Altra questione sollevata dalla Direzione dell’AND è quella che appare una “mutazione genetica della scuola italiana”, con Istituti scolastici trasformati in “centri di formazione professionale e progettifici”. In questi “nuovi opifici”, i docenti sono perennemente obbligati ad una “formazione di Stato”, estenuante quanto inconsistente, ma con gravi ripercussioni sulla loro libertà culturale e di insegnamento; immersi nella “fabbrica dei progetti”, il cui scopo preminente è di intercettare risorse finanziarie volte a tutto tranne che a migliorare gli esiti scolastici dei nostri studenti che, ormai, nella “nuova scuola della incompetenza cognitiva” hanno perso ogni attenzione e rilevanza.

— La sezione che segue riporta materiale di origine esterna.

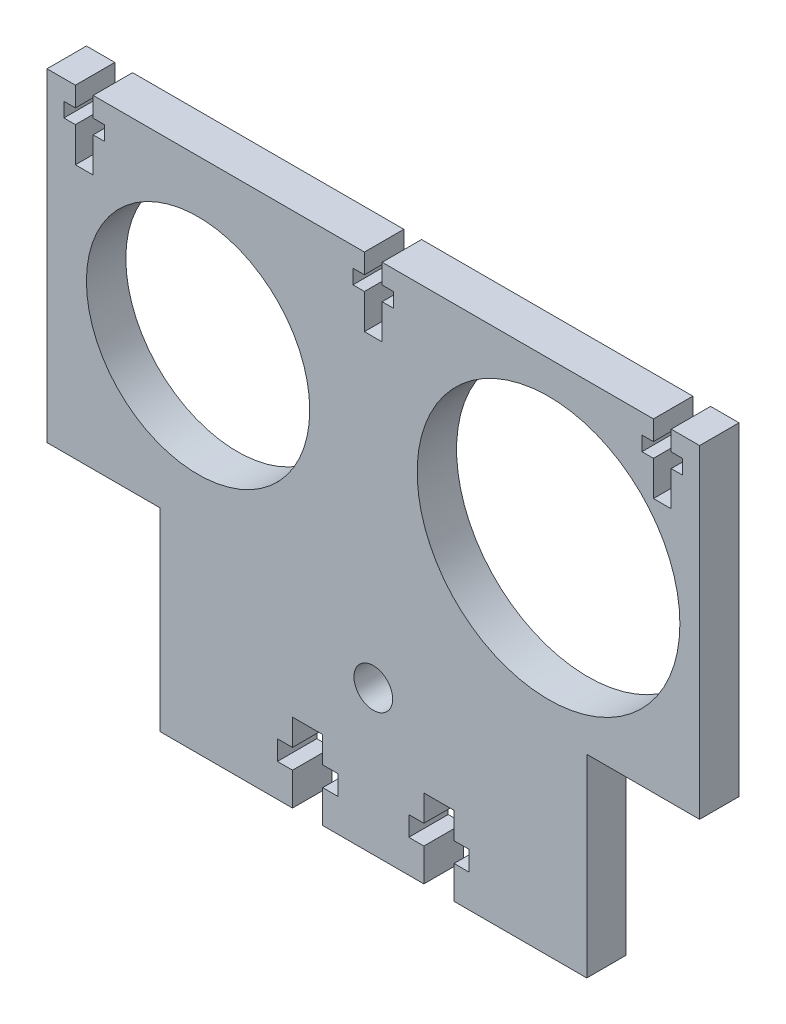
from build123d import *

# Parameters (mm, degrees)
SKETCH1_R           = 2.95
SKETCH1_R_2         = 17
SKETCH1_R_3         = 20
BOSS_EXTRUDE1_DEPTH = 6
CUT_EXTRUDE2_DEPTH  = 76.689323992
CUT_EXTRUDE3_DEPTH  = 76.689323992


with BuildPart() as part:
    # Sketch1 → Boss-Extrude1 (new body)
    with BuildSketch(Plane.XY):
        Polygon((-32.5, 7.5), (-32.5, -22), (32.5, -22), (32.5, 7.5), (49.675685802, 7.5), (49.675685802, 56.790844389), (-49.675685802, 56.790844389), (-49.675685802, 7.5), align=None)
        Circle(SKETCH1_R, mode=Mode.SUBTRACT)
        with Locations((-26.675685802, 31.790844389)):
            Circle(SKETCH1_R_2, mode=Mode.SUBTRACT)
        with Locations((26.675685802, 31.790844389)):
            Circle(SKETCH1_R_3, mode=Mode.SUBTRACT)
    extrude(amount=BOSS_EXTRUDE1_DEPTH)

    # Sketch3 → Cut-Extrude2 (cut, through all)
    with BuildSketch(Plane.XY.offset(6)):
        Polygon((-12.3, -22), (-7.7, -22), (-7.7, -17), (-5.4, -17), (-5.4, -14), (-7.7, -14), (-7.7, -10), (-12.3, -10), (-12.3, -14), (-14.6, -14), (-14.6, -17), (-12.3, -17), align=None)
        Polygon((7.7, -14), (7.7, -10), (12.3, -10), (12.3, -14), (14.6, -14), (14.6, -17), (12.3, -17), (12.3, -22), (7.7, -22), (7.7, -17), (5.4, -17), (5.4, -14), align=None)
    extrude(amount=-CUT_EXTRUDE2_DEPTH, mode=Mode.SUBTRACT)

    # Sketch4 → Cut-Extrude3 (cut, through all)
    with BuildSketch(Plane.XY.offset(6)):
        Polygon((42.65, 56.790844389), (42.65, 53.790844389), (40.9, 53.790844389), (40.9, 51.590844389), (42.65, 51.590844389), (42.65, 46.290844389), (45.35, 46.290844389), (45.35, 51.590844389), (47.1, 51.590844389), (47.1, 53.790844389), (45.35, 53.790844389), (45.35, 56.790844389), align=None)
        Polygon((-45.35, 56.790844389), (-42.65, 56.790844389), (-42.65, 53.790844389), (-40.9, 53.790844389), (-40.9, 51.590844389), (-42.65, 51.590844389), (-42.65, 46.290844389), (-45.35, 46.290844389), (-45.35, 51.590844389), (-47.1, 51.590844389), (-47.1, 53.790844389), (-45.35, 53.790844389), align=None)
        Polygon((-1.35, 56.790844389), (1.35, 56.790844389), (1.35, 53.790844389), (3.1, 53.790844389), (3.1, 51.590844389), (1.35, 51.590844389), (1.35, 46.290844389), (-1.35, 46.290844389), (-1.35, 51.590844389), (-3.1, 51.590844389), (-3.1, 53.790844389), (-1.35, 53.790844389), align=None)
    extrude(amount=-CUT_EXTRUDE3_DEPTH, mode=Mode.SUBTRACT)


solid = part.part

“Una deriva -ha affermato il prof. Greco- a cui va assolutamente posto un argine! Bisogna rimettere l’insegnamento e gli apprendimenti a capo di ogni priorità; bisogna porre fine alla formazione dei docenti autogestita dalle scuole, non riconoscendo più alle stesse la qualità di soggetti formatori per i docenti. Le scuole si devono occupare (e preoccupare) dell’apprendimento degli studenti e non di quello dei docenti! È necessario che ogni risorsa impiegata nella scuola altro scopo non debba avere se non quello di migliorare i risultati dell’azione didattico-educativa, dunque, la promozione culturale e civile dei nostri studenti che poi è la missione che legittima la funzione e l’esistenza della stessa scuola.”